I celebrated Mabon the other day. Like most of my celebrations, it was small, short, and simple — lighting candles at my altar, sitting quietly, giving thanks, remembering the meaning of the season.

All of which are actually super difficult to do if I’m feeling anxious.

I have a tendency to try to push through things when I’m not feeling well. (Let’s be real, though. If I waited until I felt well, I’d never get anything done.) I’ve long held that rituals are not necessarily for me — true piety is observing them even when I’m not personally getting anything out of it. Prayer does not always have to be a refreshing, uplifting experience to have value. Sometimes even meditation is difficult work, but it’s work that I have to do.
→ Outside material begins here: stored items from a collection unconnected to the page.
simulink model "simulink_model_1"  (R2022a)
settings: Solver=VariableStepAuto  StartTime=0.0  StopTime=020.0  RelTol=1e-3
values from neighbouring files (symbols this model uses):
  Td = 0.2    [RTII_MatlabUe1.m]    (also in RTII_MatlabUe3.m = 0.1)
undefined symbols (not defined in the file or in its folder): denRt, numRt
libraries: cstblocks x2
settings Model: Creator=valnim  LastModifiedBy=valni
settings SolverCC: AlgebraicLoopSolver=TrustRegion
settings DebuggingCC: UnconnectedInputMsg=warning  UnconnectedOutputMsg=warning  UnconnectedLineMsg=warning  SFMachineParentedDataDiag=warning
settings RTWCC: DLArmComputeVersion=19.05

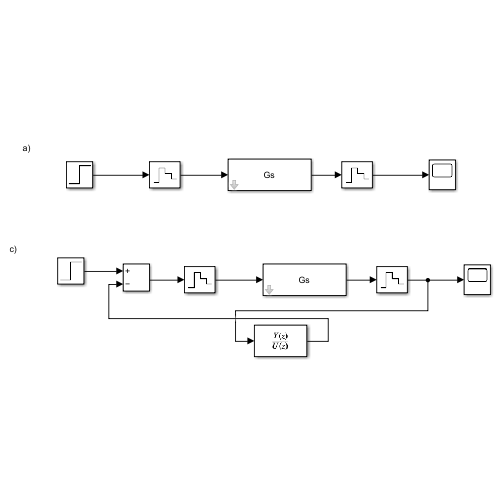
[thumbnail: Simulink's stored preview of the top-level diagram]
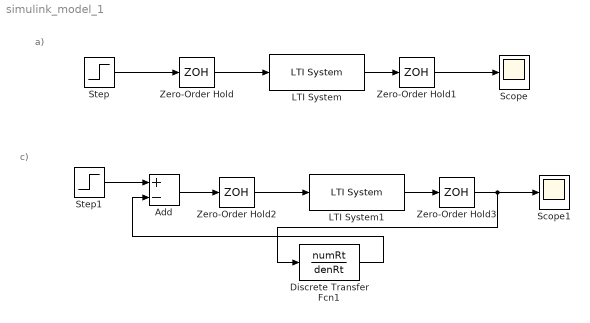
== system simulink_model_1 ==
  note: a)
  note: c)
  Add : Sum  Inputs=+-
  Discrete Transfer Fcn1 : DiscreteTransferFcn  Numerator=numRt  Denominator=denRt  SampleTime=Td
  LTI System : cstblocks/LTI System  sys=Gs  IC=[]
  LTI System1 : cstblocks/LTI System  sys=Gs  IC=[]
  Scope : Scope
  Scope1 : Scope
  Step : Step  Time=0  SampleTime=0
  Step1 : Step  Time=0  SampleTime=0
  Zero-Order Hold{,1..3} (4 alike) : ZeroOrderHold  SampleTime=Td
  wires:
  Step/1 -> Zero-Order Hold/1
  Zero-Order Hold/1 -> LTI System/1
  LTI System/1 -> Zero-Order Hold1/1
  Zero-Order Hold1/1 -> Scope/1
  Zero-Order Hold2/1 -> LTI System1/1
  LTI System1/1 -> Zero-Order Hold3/1
  Step1/1 -> Add/1
  Add/1 -> Zero-Order Hold2/1
  Zero-Order Hold3/1 -> Discrete Transfer Fcn1/1, Scope1/1
  Discrete Transfer Fcn1/1 -> Add/2

The thing is, the ritual structure I follow has a kind of built-in way to tell if I’ve completely effed it or not. Tripped over my words too badly? I’ll get told. Unacceptable offering? Oh, I’ll hear about it. This isn’t something that’s been a problem before, luckily — even when my offerings have been small and simple, I’ve always been given signs that they were good enough.

It doesn’t help that it’s a structure I’m not entirely familiar with yet. It’s a bit more complex than what I used for most of my life (read: winging it), and the formality of it trips me up on occasion. To be honest, if you had come to me a little over a year ago and said I’d be doing things this way, I probably would have asked what you were smoking.
I digress, though. That’s a story for another time.

Anyway, for this ritual, I was confident! I had these fancy little cakes, I placed them in the offering bowls, I sat and said the words… and I rushed through them because holy butts anxiety sucks super hard and I felt like I was about to die.

And then came the divination.

I use tarot cards for the divination portion of my rituals. The particular deck I use (the Animalis Os Fortuna deck) is pretty helpful here. In addition to standard tarot meanings, the animal imagery of this deck gives it extra layers of meaning that allow the cards to be interpreted in a way that’s more conducive to this particular type of ritual divination.So I shuffled, drew, and…

Not only did I get called out, I got called out with The Moon. The warning, anxiety-indicating Moon, of all things. Like a big, black-and-white finger pointing right at my clenched hands and racing heart and going, “WTF?”

Crap.

I concluded the ritual, now wondering what I’d done. Sure, I had tripped over my words, but corrected myself. I’d said the wrong words at some points, but corrected that, too. But, while I’d been willing to offer fancy cakes, there were two things an impending anxiety attack kept me from offering — my attention, and my time.

I ate something, drank a little water, and waited for the feeling to pass, resigned now to having to repeat the ritual. I had no cakes to offer this time, just clean water and some sweet oil. But I took my time, I spoke well, and I let the anxious feelings dissipate.

And this time, even with my offerings as simple as they were, it was accepted.

There is no physical offering valuable enough to make up for an unwillingness to give my time and attention.